Any issues in Scopus data are also problems in our dataset. We tried our best to clear out most of the blunt errors, e.g. in Section 4.2, we explained how we removed authors whose profile included works from multiple authors. Another example is that TOSEM journal papers where we had to remove many papers in the complete models due to missing page counts. This resulted in high error terms in complete model. In general, we recommend investigating the error terms in addition to statistical significance. Overall, many past works have used Scopus data and we are not aware of any other major deviations than authors whose profile included works from multiple authors which affects Chinese authors in particular ioannidis2018thousands. However, it is still possible to that that using another bibliometric database such as Web of Science could bring different results.
In this paper, we have investigated the factors affecting citations to papers published in software engineering (SE) journals. We collected data from the Scopus database. We utilized two regression models. First, negative binomial regression models were used to investigate mean citations. Second, due to the skewed nature of citation data, we investigated median citations with quantile regression.
Our main findings are the followings. First, factors affecting citations in SE journals are to a large degree similar to prior works from other fields, see Table 23. Most important factors explaining citations are age, venue, author team past performance, paper length and reference count and recency (Price Index price1970citation). However, we found a notable difference in comparison to prior works as we showed that author team productivity, measured with the number of past papers, is negatively associated with citations when author team past citations are part of the model. Thus, the author team with short but highly cited publication list is associated with higher citation count. Second, with respect to past SE literature, we state that this is the first paper that uses robust multivariate models to investigate how multiple factors impact papers citations.
Given that we now have the state of the art knowledge on factors influencing citations, we offer some advice to researchers: (1) Aim for venue that has high coefficient in the complete models, see Tables 16 and 18. But let us note that our study sheds no light whether the citations that papers in particular venue receive are due to paper quality or halo effect of a particular venue johnson1997getting; hudson2007known. (2) Build a high-quality author team with highly-cited but rather short publication list. However, again we cannot say whether this is due to author quality or halo effect.

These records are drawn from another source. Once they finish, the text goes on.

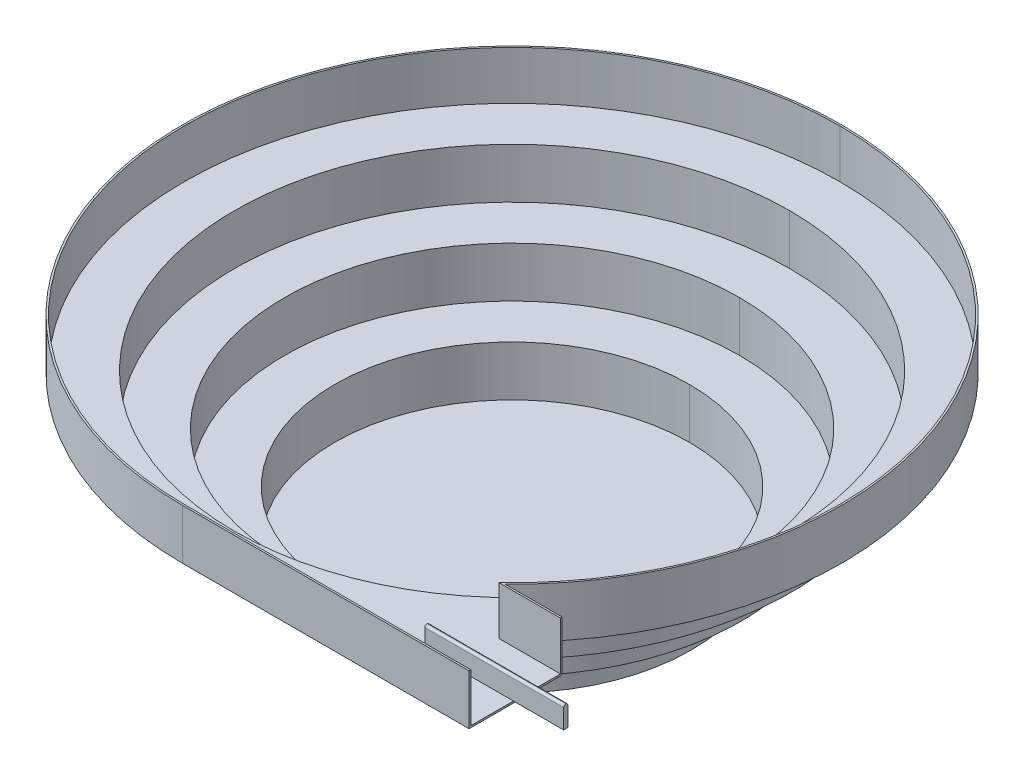
ISO-10303-21;
HEADER;
FILE_DESCRIPTION(('STEP AP214'),'2;1');
FILE_NAME('part.step','',(''),(''),'','','');
FILE_SCHEMA(('AUTOMOTIVE_DESIGN { 1 0 10303 214 1 1 1 1 }'));
ENDSEC;
DATA;
#1=APPLICATION_CONTEXT('core data for automotive mechanical design processes');
#2=APPLICATION_PROTOCOL_DEFINITION('international standard','automotive_design',2000,#1);
#3=PRODUCT_CONTEXT('',#1,'mechanical');
#4=PRODUCT('Part','Part','',(#3));
#5=PRODUCT_RELATED_PRODUCT_CATEGORY('part','',(#4));
#6=PRODUCT_DEFINITION_FORMATION('','',#4);
#7=PRODUCT_DEFINITION_CONTEXT('part definition',#1,'design');
#8=PRODUCT_DEFINITION('design','',#6,#7);
#9=PRODUCT_DEFINITION_SHAPE('','',#8);
#10=(LENGTH_UNIT() NAMED_UNIT(*) SI_UNIT(.MILLI.,.METRE.));
#11=(NAMED_UNIT(*) PLANE_ANGLE_UNIT() SI_UNIT($,.RADIAN.));
#12=(NAMED_UNIT(*) SI_UNIT($,.STERADIAN.) SOLID_ANGLE_UNIT());
#13=UNCERTAINTY_MEASURE_WITH_UNIT(LENGTH_MEASURE(1.E-05),#10,'distance_accuracy_value','');
#14=(GEOMETRIC_REPRESENTATION_CONTEXT(3) GLOBAL_UNCERTAINTY_ASSIGNED_CONTEXT((#13)) GLOBAL_UNIT_ASSIGNED_CONTEXT((#10,
#11,#12)) REPRESENTATION_CONTEXT('',''));
#15=CARTESIAN_POINT('',(0.,0.,0.));
#16=DIRECTION('',(0.,0.,1.));
#17=DIRECTION('',(1.,0.,0.));
#18=AXIS2_PLACEMENT_3D('',#15,#16,#17);
#19=CARTESIAN_POINT('',(0.,210.,0.));
#20=DIRECTION('',(0.,-1.,0.));
#21=DIRECTION('',(0.,0.,-1.));
#22=AXIS2_PLACEMENT_3D('',#19,#20,#21);
#23=CYLINDRICAL_SURFACE('',#22,387.5);
#24=CARTESIAN_POINT('',(0.,212.5,0.));
#25=DIRECTION('',(0.,1.,0.));
#26=DIRECTION('',(0.,0.,1.));
#27=AXIS2_PLACEMENT_3D('',#24,#25,#26);
#28=CIRCLE('',#27,387.5);
#29=CARTESIAN_POINT('',(0.,212.5,-387.5));
#30=VERTEX_POINT('',#29);
#31=CARTESIAN_POINT('',(0.,212.5,387.5));
#32=VERTEX_POINT('',#31);
#33=EDGE_CURVE('E11',#30,#32,#28,.T.);
#34=ORIENTED_EDGE('',*,*,#33,.T.);
#35=DIRECTION('',(0.,-1.,0.));
#36=VECTOR('',#35,1.);
#37=CARTESIAN_POINT('',(0.,210.,387.5));
#38=LINE('',#37,#36);
#39=CARTESIAN_POINT('',(0.,142.5,387.5));
#40=VERTEX_POINT('',#39);
#41=EDGE_CURVE('E27',#32,#40,#38,.T.);
#42=ORIENTED_EDGE('',*,*,#41,.T.);
#43=CARTESIAN_POINT('',(0.,142.5,0.));
#44=DIRECTION('',(0.,1.,0.));
#45=DIRECTION('',(0.,0.,1.));
#46=AXIS2_PLACEMENT_3D('',#43,#44,#45);
#47=CIRCLE('',#46,387.5);
#48=CARTESIAN_POINT('',(0.,142.5,-387.5));
#49=VERTEX_POINT('',#48);
#50=EDGE_CURVE('E335',#49,#40,#47,.T.);
#51=ORIENTED_EDGE('',*,*,#50,.F.);
#52=DIRECTION('',(0.,-1.,0.));
#53=VECTOR('',#52,1.);
#54=CARTESIAN_POINT('',(0.,210.,-387.5));
#55=LINE('',#54,#53);
#56=EDGE_CURVE('E451',#30,#49,#55,.T.);
#57=ORIENTED_EDGE('',*,*,#56,.F.);
#58=EDGE_LOOP('',(#34,#42,#51,#57));
#59=FACE_BOUND('',#58,.T.);
#60=ADVANCED_FACE('F16',(#59),#23,.F.);
#61=CARTESIAN_POINT('',(0.,140.,0.));
#62=DIRECTION('',(0.,-1.,0.));
#63=DIRECTION('',(0.,0.,-1.));
#64=AXIS2_PLACEMENT_3D('',#61,#62,#63);
#65=CYLINDRICAL_SURFACE('',#64,317.5);
#66=CARTESIAN_POINT('',(0.,142.5,0.));
#67=DIRECTION('',(0.,1.,0.));
#68=DIRECTION('',(0.,0.,1.));
#69=AXIS2_PLACEMENT_3D('',#66,#67,#68);
#70=CIRCLE('',#69,317.5);
#71=CARTESIAN_POINT('',(0.,142.5,-317.5));
#72=VERTEX_POINT('',#71);
#73=CARTESIAN_POINT('',(0.,142.5,317.5));
#74=VERTEX_POINT('',#73);
#75=EDGE_CURVE('E321',#72,#74,#70,.T.);
#76=ORIENTED_EDGE('',*,*,#75,.T.);
#77=DIRECTION('',(0.,-1.,0.));
#78=VECTOR('',#77,1.);
#79=CARTESIAN_POINT('',(0.,140.,317.5));
#80=LINE('',#79,#78);
#81=CARTESIAN_POINT('',(0.,72.5,317.5));
#82=VERTEX_POINT('',#81);
#83=EDGE_CURVE('E325',#74,#82,#80,.T.);
#84=ORIENTED_EDGE('',*,*,#83,.T.);
#85=CARTESIAN_POINT('',(0.,72.5,0.));
#86=DIRECTION('',(0.,1.,0.));
#87=DIRECTION('',(0.,0.,1.));
#88=AXIS2_PLACEMENT_3D('',#85,#86,#87);
#89=CIRCLE('',#88,317.5);
#90=CARTESIAN_POINT('',(0.,72.5,-317.5));
#91=VERTEX_POINT('',#90);
#92=EDGE_CURVE('E443',#91,#82,#89,.T.);
#93=ORIENTED_EDGE('',*,*,#92,.F.);
#94=DIRECTION('',(0.,-1.,0.));
#95=VECTOR('',#94,1.);
#96=CARTESIAN_POINT('',(0.,140.,-317.5));
#97=LINE('',#96,#95);
#98=EDGE_CURVE('E350',#72,#91,#97,.T.);
#99=ORIENTED_EDGE('',*,*,#98,.F.);
#100=EDGE_LOOP('',(#76,#84,#93,#99));
#101=FACE_BOUND('',#100,.T.);
#102=ADVANCED_FACE('F957',(#101),#65,.F.);
#103=CARTESIAN_POINT('',(0.,70.,0.));
#104=DIRECTION('',(0.,-1.,0.));
#105=DIRECTION('',(0.,0.,-1.));
#106=AXIS2_PLACEMENT_3D('',#103,#104,#105);
#107=CYLINDRICAL_SURFACE('',#106,247.5);
#108=CARTESIAN_POINT('',(0.,72.5,0.));
#109=DIRECTION('',(0.,1.,0.));
#110=DIRECTION('',(0.,0.,1.));
#111=AXIS2_PLACEMENT_3D('',#108,#109,#110);
#112=CIRCLE('',#111,247.5);
#113=CARTESIAN_POINT('',(0.,72.5,-247.5));
#114=VERTEX_POINT('',#113);
#115=CARTESIAN_POINT('',(0.,72.5,247.5));
#116=VERTEX_POINT('',#115);
#117=EDGE_CURVE('E410',#114,#116,#112,.T.);
#118=ORIENTED_EDGE('',*,*,#117,.T.);
#119=DIRECTION('',(0.,-1.,0.));
#120=VECTOR('',#119,1.);
#121=CARTESIAN_POINT('',(0.,70.,247.5));
#122=LINE('',#121,#120);
#123=CARTESIAN_POINT('',(0.,2.5,247.5));
#124=VERTEX_POINT('',#123);
#125=EDGE_CURVE('E414',#116,#124,#122,.T.);
#126=ORIENTED_EDGE('',*,*,#125,.T.);
#127=CARTESIAN_POINT('',(0.,2.5,0.));
#128=DIRECTION('',(0.,1.,0.));
#129=DIRECTION('',(0.,0.,1.));
#130=AXIS2_PLACEMENT_3D('',#127,#128,#129);
#131=CIRCLE('',#130,247.5);
#132=CARTESIAN_POINT('',(0.,2.5,-247.5));
#133=VERTEX_POINT('',#132);
#134=EDGE_CURVE('E337',#133,#124,#131,.T.);
#135=ORIENTED_EDGE('',*,*,#134,.F.);
#136=DIRECTION('',(0.,-1.,0.));
#137=VECTOR('',#136,1.);
#138=CARTESIAN_POINT('',(0.,70.,-247.5));
#139=LINE('',#138,#137);
#140=EDGE_CURVE('E254',#114,#133,#139,.T.);
#141=ORIENTED_EDGE('',*,*,#140,.F.);
#142=EDGE_LOOP('',(#118,#126,#135,#141));
#143=FACE_BOUND('',#142,.T.);
#144=ADVANCED_FACE('F962',(#143),#107,.F.);
#145=CARTESIAN_POINT('',(0.,280.,0.));
#146=DIRECTION('',(0.,-1.,0.));
#147=DIRECTION('',(0.,0.,-1.));
#148=AXIS2_PLACEMENT_3D('',#145,#146,#147);
#149=CYLINDRICAL_SURFACE('',#148,457.5);
#150=CARTESIAN_POINT('',(0.,280.,0.));
#151=DIRECTION('',(0.,1.,0.));
#152=DIRECTION('',(0.,0.,1.));
#153=AXIS2_PLACEMENT_3D('',#150,#151,#152);
#154=CIRCLE('',#153,457.5);
#155=CARTESIAN_POINT('',(314.245127249413,280.,332.5));
#156=VERTEX_POINT('',#155);
#157=CARTESIAN_POINT('',(0.,280.,-457.5));
#158=VERTEX_POINT('',#157);
#159=EDGE_CURVE('E430',#156,#158,#154,.T.);
#160=ORIENTED_EDGE('',*,*,#159,.T.);
#161=DIRECTION('',(0.,-1.,0.));
#162=VECTOR('',#161,1.);
#163=CARTESIAN_POINT('',(0.,280.,-457.5));
#164=LINE('',#163,#162);
#165=CARTESIAN_POINT('',(0.,212.5,-457.5));
#166=VERTEX_POINT('',#165);
#167=EDGE_CURVE('E225',#158,#166,#164,.T.);
#168=ORIENTED_EDGE('',*,*,#167,.T.);
#169=CARTESIAN_POINT('',(0.,212.5,0.));
#170=DIRECTION('',(0.,1.,0.));
#171=DIRECTION('',(0.,0.,1.));
#172=AXIS2_PLACEMENT_3D('',#169,#170,#171);
#173=CIRCLE('',#172,457.5);
#174=CARTESIAN_POINT('',(314.245127249413,212.5,332.5));
#175=VERTEX_POINT('',#174);
#176=EDGE_CURVE('E326',#175,#166,#173,.T.);
#177=ORIENTED_EDGE('',*,*,#176,.F.);
#178=DIRECTION('',(0.,1.,0.));
#179=VECTOR('',#178,1.);
#180=CARTESIAN_POINT('',(314.245127249413,212.5,332.5));
#181=LINE('',#180,#179);
#182=EDGE_CURVE('E282',#175,#156,#181,.T.);
#183=ORIENTED_EDGE('',*,*,#182,.T.);
#184=EDGE_LOOP('',(#160,#168,#177,#183));
#185=FACE_BOUND('',#184,.T.);
#186=ADVANCED_FACE('F1007',(#185),#149,.F.);
#187=CARTESIAN_POINT('',(0.,210.,0.));
#188=DIRECTION('',(0.,-1.,0.));
#189=DIRECTION('',(0.,0.,-1.));
#190=AXIS2_PLACEMENT_3D('',#187,#188,#189);
#191=CYLINDRICAL_SURFACE('',#190,390.);
#192=CARTESIAN_POINT('',(0.,210.,0.));
#193=DIRECTION('',(0.,1.,0.));
#194=DIRECTION('',(0.,0.,1.));
#195=AXIS2_PLACEMENT_3D('',#192,#193,#194);
#196=CIRCLE('',#195,390.);
#197=CARTESIAN_POINT('',(0.,210.,390.));
#198=VERTEX_POINT('',#197);
#199=CARTESIAN_POINT('',(0.,210.,-390.));
#200=VERTEX_POINT('',#199);
#201=EDGE_CURVE('E422',#198,#200,#196,.T.);
#202=ORIENTED_EDGE('',*,*,#201,.F.);
#203=DIRECTION('',(0.,-1.,0.));
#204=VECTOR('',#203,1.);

(3) Aim for high-quality work that has comprehensive content (thus longer paper length). Papers with more reference and more pages are associated with higher citation count. Recency of references is also important predictor and we think this is a proxy on how well the author knows the most recent prior work. Finally, finding a proper and concise’ (short) title may help your citation count.
Many interesting factors affecting citation were not covered in this paper due to Scopus not having such data or for the required manual analysis that was not possible with our large 25,000+ paper dataset. Our comparisons to Tahamtan et al. Tahamtan2016 and Onodera et al. Onodera2015 in Table 23 show that many of our findings are a good match with previous studies in other areas of science. Thus, while we would wait for future bibliometric studies in SE, like the current one, to address the missing factors, one can speculate that the findings of Tahamtan et al.’s review Tahamtan2016 and our study can act as a substitute in the meanwhile.